The principal components are then given by $s_i={\bf w}_i^T{\bf x}$. In practice, the computation of the ${\bf w}_i$ can be simply accomplished using the (sample) covariance matrix $E\{{\bf x}{\bf x}^T\}={\bf C}$. The ${\bf w}_i$ are the eigenvectors of ${\bf C}$ that correspond to the n largest eigenvalues of ${\bf C}$.

The basic goal in PCA is to reduce the dimension of the data. Thus one usually chooses n<<m. Indeed, it can be proven that the representation given by PCA is an optimal linear dimension reduction technique in the mean-square sense [77]. Such a reduction in dimension has important benefits. First, the computational overhead of the subsequent processing stages is reduced. Second, noise may be reduced, as the data not contained in the n first components may be mostly due to noise. Third, a projection into a subspace of a very low dimension, for example two, is useful for visualizing the data. Note that often it is not necessary to use the n principal components themselves, since any other orthonormal basis of the subspace spanned by the principal components (called the PCA subspace) has the same data compression or denoising capabilities.

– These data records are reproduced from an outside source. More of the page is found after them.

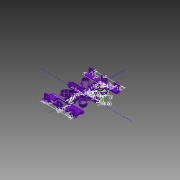
# Autodesk Inventor part: Flex16Test
Saved by Autodesk Inventor 2014 SP1 (Build 180222100, 222)
## iProperties
Created: 2015-02-27
Part Number: Flex16Test
Material: Generic
Document SubType Name: Modeling
Designer: Erin
Density: 1 g/cm^3
Appearance: Default
Author: Erin
Autodesk Inventor part; units mm, degrees
ref_plane "YZ Plane" through (0, 0, 0) normal (1, 0, 0) x (0, 1, 0)
sketch "Block1" plane through (0, 0, 0) normal (0, 0, 1) x (1, 0, 0)
  circle A0 centre (47.029, 24.2723) radius 1.1
  circle A1 centre (75.029, 24.2723) radius 1.1
  line L0 (49.279, 30.4723) -> (72.779, 30.4723)
  line L1 (72.779, 30.4723) -> (72.779, 18.0723)
  line L2 (72.779, 18.0723) -> (49.279, 18.0723)
  line L3 (49.279, 18.0723) -> (49.279, 30.4723)
  line L4 (49.279, 30.4723) -> (44.779, 30.4723)
  line L5 (44.779, 30.4723) -> (44.779, 18.0723)
  line L6 (44.779, 18.0723) -> (49.279, 18.0723)
  line L7 (49.279, 18.0723) -> (49.279, 30.4723)
  line L8 (72.779, 30.4723) -> (77.279, 30.4723)
  line L9 (77.279, 30.4723) -> (77.279, 18.0723)
  line L10 (77.279, 18.0723) -> (72.779, 18.0723)
  line L11 (72.779, 18.0723) -> (72.779, 30.4723)
  line L12 (44.779, 24.2723) -> (77.279, 24.2723) construction
  line L13 (61.029, 30.4723) -> (61.029, 18.0723) construction
  line L14 (47.029, 30.4723) -> (47.029, 18.0723) construction
  line L15 (75.029, 30.4723) -> (75.029, 18.0723) construction
  line L16 (66.779, 30.4723) -> (66.779, 18.0723) construction
  point P0 (60.979, 24.0984)
  dimension "d105" = 23.5
  dimension "d106" = 12.4
  dimension "d107" = 4.5
  dimension "d108" = 4.5
  dimension "d109" = 2.2
  dimension "d110" = 2.2
  dimension "d111" = 2.25
  dimension "d112" = 6
  measures "d105" distance of L1.end L2.end
  measures "d106" distance of L0.end L1.end
  measures "d107" distance of L6.end L5.end
  measures "d108" distance of L9.end L10.end
  measures "d109" diameter of A0
  measures "d110" diameter of A1
  measures "d111" distance between parallel lines of L9 L15
  measures "d112" distance between parallel lines of L16 L1
sketch "Sketch1" plane through (0, 0, 0) normal (0, 0, 1) x (1, 0, 0)
  circle A0 centre (0, 0) radius 7.5
  circle A1 centre (0, 0) radius 10.5
  line L0 (0, 82.8355) -> (0, -64.7276) construction
  line L1 (-84.476, 0) -> (94.8366, 0) construction
  line L2 (6.6657, 3.617) -> (21.9866, 16.4727)
  circle A2 centre (0, 0) radius 13.5
  circle A3 centre (0, 0) radius 16.5
  line L3 (-30, 38.5) -> (30, 38.5)
  line L4 (30, 38.5) -> (30, 31.5)
  line L5 (30, 31.5) -> (-30, 31.5)
  line L6 (-30, 31.5) -> (-30, 38.5)
  line L7 (-30, -47.9) -> (30, -47.9)
  line L8 (30, -47.9) -> (30, -31.5)
  line L9 (30, -31.5) -> (-30, -31.5)
  line L10 (-30, -31.5) -> (-30, -47.9)
  line L11 (21.9866, 16.4727) -> (21.3438, 17.2388)
  line L12 (14.8706, 24.2954) -> (4.892, 12.4033)
  line L13 (4.892, 12.4033) -> (4.126, 13.0461)
  line L14 (4.126, 13.0461) -> (14.1046, 24.9382)
  line L15 (14.1046, 24.9382) -> (14.8706, 24.2954)
  line L16 (3, 13.1273) -> (3.9848, 12.9536)
  line L17 (3.9848, 12.9536) -> (7.2397, 31.4132)
  line L18 (7.2397, 31.4132) -> (6.2549, 31.5868)
  line L19 (6.2549, 31.5868) -> (3, 13.1273)
  circle A4 centre (6.7473, 31.5) radius 1
  line L20 (6.0229, 4.383) -> (6.6657, 3.617)
  line L21 (21.3438, 17.2388) -> (6.0229, 4.383)
  line L22 (6.3443, 4.5) -> (26.3443, 4.5)
  line L23 (26.3443, 4.5) -> (26.3443, 3.5)
  line L24 (26.3443, 3.5) -> (6.3443, 3.5)
  line L25 (6.3443, 3.5) -> (6.3443, 4.5)
  circle A5 centre (6.3443, 4) radius 1
  line L26 (-17.5, 3.5) -> (17.5, 3.5)
  line L27 (17.5, 3.5) -> (17.5, -3.5)
  line L28 (17.5, -3.5) -> (-17.5, -3.5)
  line L29 (-17.5, -3.5) -> (-17.5, 3.5)
  line L30 (12.2251, 21.1426) -> (5.147, 12.7072)
  line L31 (15.5173, 20.8067) -> (17.8844, 16.4197)
  line L32 (17.4099, 13.9378) -> (10.9977, 8.5573)
  line L33 (8.9078, 8.2583) -> (5.8748, 9.5905)
  arc A6 (15.5173, 20.8067) -> (12.2251, 21.1426) centre (13.7572, 19.857) ccw
  arc A7 (17.4099, 13.9378) -> (17.8844, 16.4197) centre (16.1243, 15.4699) ccw
  line L34 (13.0831, 9.0018) -> (19.7338, 14.5824)
  line L35 (22.7883, 13.9836) -> (26.2443, 7.4333)
  line L36 (24.4754, 4.5) -> (14.8803, 4.5)
  line L37 (13.1114, 5.5667) -> (12.5997, 6.5364)
  arc A8 (22.7883, 13.9836) -> (19.7338, 14.5824) centre (21.0194, 13.0503) ccw
  arc A9 (24.4754, 4.5) -> (26.2443, 7.4333) centre (24.4754, 6.5) ccw
  arc A10 (13.1114, 5.5667) -> (14.8803, 4.5) centre (14.8803, 6.5) ccw
  arc A11 (13.0831, 9.0018) -> (12.5997, 6.5364) centre (14.3686, 7.4697) ccw
  arc A12 (5.147, 12.7072) -> (5.8748, 9.5905) centre (6.6791, 11.4217) ccw
  arc A13 (8.9078, 8.2583) -> (10.9977, 8.5573) centre (9.7121, 10.0894) ccw
  line L38 (7.718, 4.5) -> (14.2853, 10.0106)
  line L39 (15.0489, 9.8609) -> (17.4905, 5.2333)
  line L40 (17.0482, 4.5) -> (7.718, 4.5)
  arc A14 (15.0489, 9.8609) -> (14.2853, 10.0106) centre (14.6067, 9.6276) ccw
  arc A15 (17.0482, 4.5) -> (17.4905, 5.2333) centre (17.0482, 5) ccw
  arc A16 (21.3438, 17.2388) -> (14.8706, 24.2954) centre (18.1072, 20.7671) ccw
  arc A17 (21.9866, 16.4727) -> (14.1046, 24.9382) centre (18.0456, 20.7055) ccw
  arc A18 (29.7318, 0) -> (26.3443, 3.5) centre (23.6026, -2.5429) ccw
  arc A19 (30.8471, 0) -> (26.3443, 4.5) centre (23.9388, -2.4098) ccw
  line L41 (29.7318, 0) -> (30.8471, 0)
  line L42 (0, 0.5) -> (30.8471, 0.5)
  line L43 (30.8471, 0.5) -> (30.8471, -0.5)
  line L44 (30.8471, -0.5) -> (0, -0.5)
  line L45 (0, -0.5) -> (0, 0.5)
  circle A20 centre (30.2894, 0) radius 1
  circle A21 centre (0, 35) radius 1.25
  circle A22 centre (7, 35) radius 1.25
  circle A23 centre (14, 35) radius 1.25
  circle A24 centre (-7, 35) radius 1.25
  circle A25 centre (0, 35) radius 1.25
  circle A26 centre (7, 35) radius 1.25
  circle A27 centre (-14, 35) radius 1.25
  circle A28 centre (-7, 35) radius 1.25
  circle A29 centre (0, 35) radius 1.25
  line L46 (-30, -47.9) -> (-20, -47.9)
  line L47 (-20, -47.9) -> (-20, -49.9)
  line L48 (-20, -49.9) -> (-30, -49.9)
  line L49 (-30, -49.9) -> (-30, -47.9)
  line L50 (-5, -47.9) -> (5, -47.9)
  line L51 (5, -47.9) -> (5, -49.9)
  line L52 (5, -49.9) -> (-5, -49.9)
  line L53 (-5, -49.9) -> (-5, -47.9)
  line L54 (30, -47.9) -> (20, -47.9)
  line L55 (20, -47.9) -> (20, -49.9)
  line L56 (20, -49.9) -> (30, -49.9)
  line L57 (30, -49.9) -> (30, -47.9)
  line L58 (-30, 38.5) -> (-20, 38.5)
  line L59 (-20, 38.5) -> (-20, 40.5)
  line L60 (-20, 40.5) -> (-30, 40.5)
  line L61 (-30, 40.5) -> (-30, 38.5)
  line L62 (-5, 40.5) -> (5, 40.5)
  line L63 (5, 40.5) -> (5, 38.5)
  line L64 (5, 38.5) -> (-5, 38.5)
  line L65 (-5, 38.5) -> (-5, 40.5)
  line L66 (30, 38.5) -> (20, 38.5)
  line L67 (20, 38.5) -> (20, 40.5)
  line L68 (20, 40.5) -> (30, 40.5)
  line L69 (30, 40.5) -> (30, 38.5)
  circle A30 centre (-19.75, -39.7) radius 1.1
  circle A31 centre (8.25, -39.7) radius 1.1
  line L70 (-17.5, -33.5) -> (6, -33.5)
  line L71 (6, -33.5) -> (6, -45.9)
  line L72 (6, -45.9) -> (-17.5, -45.9)
  line L73 (-17.5, -45.9) -> (-17.5, -33.5)
  line L74 (-17.5, -33.5) -> (-22, -33.5)
  line L75 (-22, -33.5) -> (-22, -45.9)
  line L76 (-22, -45.9) -> (-17.5, -45.9)
  line L77 (-17.5, -45.9) -> (-17.5, -33.5)
  line L78 (6, -33.5) -> (10.5, -33.5)
  line L79 (10.5, -33.5) -> (10.5, -45.9)
  line L80 (10.5, -45.9) -> (6, -45.9)
  line L81 (6, -45.9) -> (6, -33.5)
  line L82 (-22, -39.7) -> (10.5, -39.7) construction
  line L83 (-5.75, -33.5) -> (-5.75, -45.9) construction
  line L84 (-19.75, -33.5) -> (-19.75, -45.9) construction
  line L85 (8.25, -33.5) -> (8.25, -45.9) construction
  line L86 (0, -33.5) -> (0, -45.9) construction
  point P0 (4.509, 12.7247)
  point P1 (3.4924, 13.0404)
  point P2 (0, 38.5)
  point P3 (0, -31.5)
  point P4 (17.5, 0)
  point P5 (3.4321, 10.6635)
  point P6 (18.6583, 14.9854)
  point P7 (11.8464, 7.9642)
  point P8 (21.632, 16.1752)
  point P9 (27.792, 4.5)
  point P10 (13.6742, 4.5)
  point P11 (14.7598, 10.4088)
  point P12 (17.8774, 4.5)
  point P13 (0, -49.9)
  point P14 (0, 40.5)
  point P15 (30, 35)
  dimension "d0" = 15
  dimension "d1" = 3
  dimension "d4" = 40
  dimension "d5" = 3
  dimension "d6" = 3
  dimension "d8" = 1
  dimension "d15" = 1
  dimension "d18" = 1
  dimension "d20" = 3
  dimension "d21" = 10
  dimension "d23" = 2
  dimension "d27" = 4
  dimension "d28" = 20
  dimension "d31" = 60
  dimension "d32" = 60
  dimension "d33" = 15
  dimension "d34" = 7
  dimension "d36" = 20
  dimension "d37" = 1
  dimension "d38" = 2
  dimension "d43" = 15
  dimension "d51" = 2
  dimension "d58" = 2
  dimension "d59" = 2
  dimension "d60" = 2
  dimension "d63" = 1
  dimension "d64" = 1
  dimension "d65" = 0.5
  dimension "d76" = 1
  dimension "d77" = 2
  dimension "d94" = 2.5
  dimension "d97" = 7
  dimension "d100" = 7
  dimension "d113" = 2
  dimension "d114" = 2
  dimension "d115" = 10
  dimension "d116" = 2
  dimension "d117" = 10
  dimension "d118" = 2
  dimension "d119" = 10
  dimension "d120" = 2
  dimension "d121" = 10
  dimension "d122" = 2
  dimension "d123" = 10
  dimension "d124" = 2
  dimension "d125" = 10
  dimension "d141" = 2
  dimension "d142" = 50
  constraints: 140 end point, 31 point on line, 30 point on circle, 29 centre point, 28 parallel, 20 tangent, 18 perpendicular, 14 horizontal, 14 midpoint, 5 coincident, 5 collinear, 5 equal radius, 4 vertical alignment, 3 vertical, 2 horizontal alignment, 19 other
  measures "d4" angle of L1 L2
  measures "d5" radial gap between concentric circles of A1 A2
  measures "d6" radial gap between concentric circles of A2 A3
  measures "d8" distance of L2.end L11.end
  measures "d15" distance of L12.end L13.end
  measures "d18" distance of L18.end L17.end
  measures "d20" distance from line of L16.start L0
  measures "d21" angle of L19 L0
  measures "d23" diameter of A4
  measures "d27" distance from line of point (6.344, 4) L1
  measures "d28" distance of L2.start L2.end
  measures "d31" distance of L3.start L3.end
  measures "d32" distance of L7.start L7.end
  measures "d33" distance edge to line of A3 L9
  measures "d34" distance of L5.end L3.start
  measures "d36" distance of L23.end L24.end
  measures "d37" distance of L22.end L23.end
  measures "d38" diameter of A5
  measures "d43" distance edge to line of A3 L5
  measures "d51" radius of A6
  measures "d58" radius of A8
  measures "d59" radius of A11
  measures "d60" radius of A12
  measures "d63" distance edge to line of A3 L29
  measures "d64" distance edge to line of A3 L27
  measures "d65" radius of A14
  measures "d76" distance of L42.end L43.end
  measures "d77" diameter of A20
  measures "d94" diameter of A21
  measures "d97" distance of A21.centre A22.centre
  measures "d100" distance of A21.centre A24.centre
  measures "d115" distance of L47.end L48.end
  measures "d116" distance of L46.end L47.end
  measures "d117" distance of L51.end L52.end
  measures "d118" distance of L50.end L51.end
  measures "d119" distance of L56.end L55.end
  measures "d120" distance of L55.end L54.end
  measures "d121" distance of L60.end L59.end
  measures "d122" distance of L59.end L58.end
  measures "d123" distance of L63.end L64.end
  measures "d124" distance of L62.end L63.end
  measures "d125" distance of L67.end L68.end
  measures "d141" distance of L66.end L67.end
  measures "d142" angle of L1 L12
extrude "Extrusion2" add sketch "Sketch1" along normal blind 5 contours A0 L42 A1 L44 | A0 A5 L24 A1 L42 | L44 A1 L28 A0 | L28 A1 A0 | A5 L2 L22 A1 L24 | L42 A3 L44 A2 | A2 L24 A3 L42 | L28 A1 L26 A0 | L44 A3 L28 A2 | L25 L22 A5 L2 L20 | A0 L26 A1 L21 A5 | L22 L2 A1 | A2 L22 A3 L24 | L28 A3 A2 | L21 A1 L2 L22 A5 | A5 L22 L2 | A2 L2 A11 L37 A10 L22 | L28 A3 L26 A2 | L26 A3 L19 A2 | A2 L21 A3 L2 | A10 L37 A11 L2 A3 L22 | A2 A13 L21 | L19 A3 L17 L16 A2 | A2 A12 L12 A3 L21 A13 | L16 L17 A3 L14 L13 A2 | A2 L12 A12 | L13 L14 A3 L12 A2
extrude "Extrusion3" cut sketch "Sketch1" along normal blind 10 contours A0 L44 L45 L42 | A0 L42 A1 L44 | L42 L45 L44 A0 L28 L26 A5 | A0 A5 L24 A1 L42 | L44 A1 L28 A0 | A5 L26 L24 A0 | A0 L24 A5 | L42 A2 L44 A1 | A1 L24 A2 L42 | L44 A2 L28 A1 | L42 A3 L44 A2 | A2 L24 A3 L42 | L28 A1 L26 A0 | L44 A3 L28 A2 | L42 L27 L44 A3 | A3 L24 L27 L42 | L28 A2 L26 A1 | L44 L27 L28 A3 | L28 A3 L26 A2 | L28 L29 L26 A3
extrude "Extrusion4" cut sketch "Sketch1" along normal blind 10 contours L22 L2 A1 | A1 L2 A2 L22 | A2 L2 A11 L37 A10 L22 | A10 L37 A11 L2 A3 L22 | A3 L2 A14 L39 A15 L22 | A13 L33 A12 A2 | A2 A12 L12 A3 L21 A13 | A3 L12 A6 L31 A7 L21
extrude "Extrusion1" add sketch "Sketch1" along normal blind 5 contours A5 L26 L24 A0 | A0 L24 A5 | L24 L25 A0 | A0 L20 L2 A5 L24 | A5 A0 L21 L20 L25 L26 | A5 L2 L22 A1 L24 | A1 L22 A2 L24 | L20 L21 A0 | L25 L22 A5 L2 L20 | A0 L21 A5 L22 L25 | A5 L21 A0 | A2 L22 A3 L24 | L21 A1 L2 L22 A5 | A5 L22 L2 | A1 L21 A2 L2 | A3 L22 L23 L24 | A2 L21 A3 L2 | L19 A3 L17 L16 A2 | A2 L16 L19 | A3 L21 L11 L2 | L23 A19 A20 A18 | L42 A19 L41 A18 | A18 A20 A19 L42 | L19 A4 L17 A3 | L13 L14 A3 L12 A2 | A2 L12 L13 | A4 L5 L19 | L19 L5 L18 L17 A4 | A3 L14 L15 L12 | L17 L18 L5 A4 | L19 L18 L5 | L5 A4 L18 L19 | L11 A16 L15 A17
mirror "Mirror1" about plane through (0, 0, 0) normal (1, 0, 0) of "Extrusion4", "Extrusion1"
mirror "Mirror2" about plane through (0, 0, 0) normal (0, 1, 0) of "Extrusion1", "Mirror1", "Extrusion4"
extrude "Extrusion5" add sketch "Sketch1" along normal blind 5 contours A0 L44 L45 L42 | A0 L42 A1 L44 | L42 A2 L44 A1 | L42 A3 L44 A2 | L42 L27 L44 A3 | L42 A20 L44 L27 | A20 A18 L42 | L42 A18 L41 L43 L44 A20 | L44 L43 L42 A19 A20 | L42 A19 L41 A18 | A18 A20 A19 L42 | L42 L43 A19
sketch "Sketch2" plane through (0, 0, 0) normal (0, 0, 1) x (1, 0, 0)
  circle A0 centre (-21.4191, 24.5638) radius 2.5
  circle A1 centre (-28.9868, 35.6578) radius 5
  circle A2 centre (-30.5786, 0) radius 2.5
  circle A3 centre (-11.2882, 38.9668) radius 2.5
  circle A4 centre (-9.7821, 19.1136) radius 2.5
  circle A5 centre (-19.647, 15.1079) radius 2.5
  circle A6 centre (-5.9433, 25.7064) radius 2.5
  point P0 (0, 0)
  dimension "d66" = 5
  dimension "d67" = 10
  dimension "d69" = 5
  dimension "d71" = 5
  dimension "d72" = 5
  dimension "d73" = 5
  dimension "d148" = 5
  constraints: 7 centre point
  measures "d66" diameter of A0
  measures "d67" diameter of A1
  measures "d69" diameter of A2
  measures "d71" diameter of A3
  measures "d72" diameter of A4
  measures "d73" diameter of A5
  measures "d148" diameter of A6
extrude "Extrusion6" add sketch "Sketch2" along normal blind 0.3
mirror "Mirror3" about plane through (0, 0, 0) normal (1, 0, 0) of "Extrusion6"
mirror "Mirror4" about plane through (0, 0, 0) normal (0, 1, 0) of "Extrusion6", "Mirror3"
mirror "Mirror5" about plane through (0, 0, 0) normal (1, 0, 0) of "Extrusion5"
sketch "Sketch3" plane through (0, 0, 0) normal (1, 0, 0) x (0, 1, 0)
  line L0 (-70.3552, 2.5) -> (72.4069, 2.5) construction
  circle A0 centre (-28.0293, 2.5) radius 1.25
  circle A1 centre (-22.3345, 2.5) radius 1.25
  point P0 (0, 0)
  dimension "d78" = 2.5
  dimension "d79" = 2.5
  dimension "d82" = 2.5
  constraints: 2 centre point, 2 end point, 2 point on line, 1 horizontal
  measures "d78" distance from line of point (0, 0) L0
  measures "d79" diameter of A0
  measures "d82" diameter of A1
extrude "Extrusion7" cut sketch "Sketch3" along normal mid plane 20
pattern_circular "Circular Pattern1" count 8 over 360 about axis through (0, 0, -10) along (0, 0, 1) of "Extrusion7"
sketch "Sketch4" plane through (0, 0, 0) normal (0, 1, 0) x (-1, 0, 0)
  line L0 (-58.2756, 2.5) -> (59.4862, 2.5) construction
  circle A0 centre (-15, 2.5) radius 1.25
  circle A1 centre (15, 2.5) radius 1.25
  line L1 (0, 12.237) -> (0, -7.8921) construction
  circle A2 centre (0, 2.5) radius 1.25
  circle A3 centre (-7.5, 2.5) radius 1.25
  circle A4 centre (7.5, 2.5) radius 1.25
  point P0 (0, 0)
  dimension "d86" = 2.5
  dimension "d87" = 2.5
  dimension "d88" = 2.5
  dimension "d89" = 15
  dimension "d90" = 15
  dimension "d91" = 2.5
  dimension "d143" = 2.5
  dimension "d144" = 7.5
  dimension "d145" = 2.5
  dimension "d146" = 7.5
  constraints: 6 point on line, 5 centre point, 4 end point, 1 horizontal, 1 perpendicular, 1 vertical
  measures "d86" distance from line of point (0, 0) L0
  measures "d87" diameter of A0
  measures "d88" diameter of A1
  measures "d89" distance from line of L1 A0.centre
  measures "d90" distance from line of A1.centre L1
  measures "d91" diameter of A2
  measures "d143" diameter of A3
  measures "d144" distance from line of L1 A3.centre
  measures "d145" diameter of A4
  measures "d146" distance from line of A4.centre L1
extrude "Extrusion8" cut sketch "Sketch4" along normal mid plane 10
extrude "Extrusion9" add sketch "Sketch1" along normal blind 2 contours L19 L18 L5 | L5 A4 L18 L19 | L5 L6 L3 L4 A4 | L10 L9 L8 L7 | L73 L76 L75 L74 | L78 L79 L80 L71
extrude "Extrusion10" add sketch "Sketch1" along normal blind 12 contours L61 L60 L59 L3 | L3 L67 L68 L69 | L65 L62 L63 L3 | L7 L47 L48 L49 | L7 L51 L52 L53 | L57 L56 L55 L7
ref_plane "Work Plane1" through (-30, 38.5, 2) normal (0, -1, 0) x (1, 0, 0)
sketch "Sketch5" plane through (-30, 38.5, 2) normal (0, -1, 0) x (1, 0, 0)
  circle A0 centre (5, 5) radius 2.25
  circle A1 centre (30, 5) radius 2.25
  line L0 (57.7404, -2) -> (50, -2) projected
  line L1 (50, -2) -> (50, 10) projected
  line L2 (60, 10) -> (50, 10) projected
  line L3 (60, -1.7) -> (60, 10) projected
  line L4 (25, -2) -> (35, -2) projected
  line L5 (25, -2) -> (25, 10) projected
  line L6 (35, 10) -> (25, 10) projected
  line L7 (35, -2) -> (35, 10) projected
  circle A2 centre (55, 5) radius 2.25
  line L8 (57.7404, -2) -> (57.7404, -1.7) projected
  line L9 (57.7404, -1.7) -> (60, -1.7) projected
  point P0 (30, -2)
  point P1 (30, 10)
  point P2 (55, 10)
  dimension "d129" = 4.5
  dimension "d130" = 4.5
  dimension "d131" = 4.5
  constraints: 3 centre point, 2 midpoint, 2 vertical alignment
  measures "d129" diameter of A0
  measures "d130" diameter of A1
  measures "d131" diameter of A2
extrude "Extrusion11" cut sketch "Sketch5" against normal blind 3 contours A0 | A1 | A2
ref_plane "Work Plane2" through (-30, -47.9, 2) normal (0, 1, 0) x (1, 0, 0)
sketch "Sketch6" plane through (-30, -47.9, 2) normal (0, 1, 0) x (1, 0, 0)
  line L0 (25, 2) -> (35, 2) projected
  line L1 (35, 2) -> (35, -10) projected
  line L2 (25, -10) -> (35, -10) projected
  line L3 (25, 2) -> (25, -10) projected
  line L4 (50, 2) -> (60, 2) projected
  line L5 (60, 2) -> (60, -10) projected
  line L6 (50, -10) -> (60, -10) projected
  line L7 (50, 2) -> (50, -10) projected
  circle A0 centre (5, -5) radius 2.25
  circle A1 centre (30, -5) radius 2.25
  circle A2 centre (55, -5) radius 2.25
  line L8 (35, -10) -> (25, -10) projected
  line L9 (60, -10) -> (50, -10) projected
  point P0 (30, 2)
  point P1 (30, -10)
  point P2 (55, -10)
  dimension "d135" = 4.5
  dimension "d136" = 4.5
  dimension "d137" = 4.5
  constraints: 3 centre point, 2 midpoint, 2 vertical alignment
  measures "d135" diameter of A0
  measures "d136" diameter of A1
  measures "d137" diameter of A2
extrude "Extrusion12" cut sketch "Sketch6" against normal blind 3 contours A0 | A1 | A2
fillet "Fillet1" radius 3 12 edges at (30, -48.9, 12) (20, -48.9, 12) (5, -48.9, 12) (-5, -48.9, 12) (-20, -48.9, 12) (-30, -48.9, 12) (30, 39.5, 12) (20, 39.5, 12) (5, 39.5, 12) (-5, 39.5, 12) (-20, 39.5, 12) (-30, 39.5, 12)
sketch "Sketch7" plane through (0, 0, 0) normal (0, 0, 1) x (1, 0, 0)
  circle A0 centre (-28.5008, -48.3965) radius 5
  circle A1 centre (28.3788, -48.3965) radius 5
  point P0 (0, 0)
  dimension "d149" = 10
  dimension "d150" = 10
  constraints: 2 centre point
  measures "d149" diameter of A0
  measures "d150" diameter of A1
extrude "Extrusion13" add sketch "Sketch7" along normal blind 0.3
equation "\"d8\" = flex_w"
equation "\"d15\" = flex_w"
equation "\"d18\" = flex_w"
equation "\"d23\" = flex_b"
equation "\"d37\" = flex_w"
equation "\"d38\" = flex_b"
equation "\"thickness\" = 5"
equation "\"screw\" = 4.5"
equation "\"flex_w\" = 1"
equation "\"flex_b\" = 2"
body "Solid1"

A simple illustration of PCA is found in Fig. 1, in which the first principal component of a two-dimensional data set is shown.

  

Figure 1: Principal component analysis of a two-dimensional data cloud. The line shown is the direction of the first principal component, which gives an optimal (in the mean-square sense) linear reduction of dimension from 2 to 1 dimensions.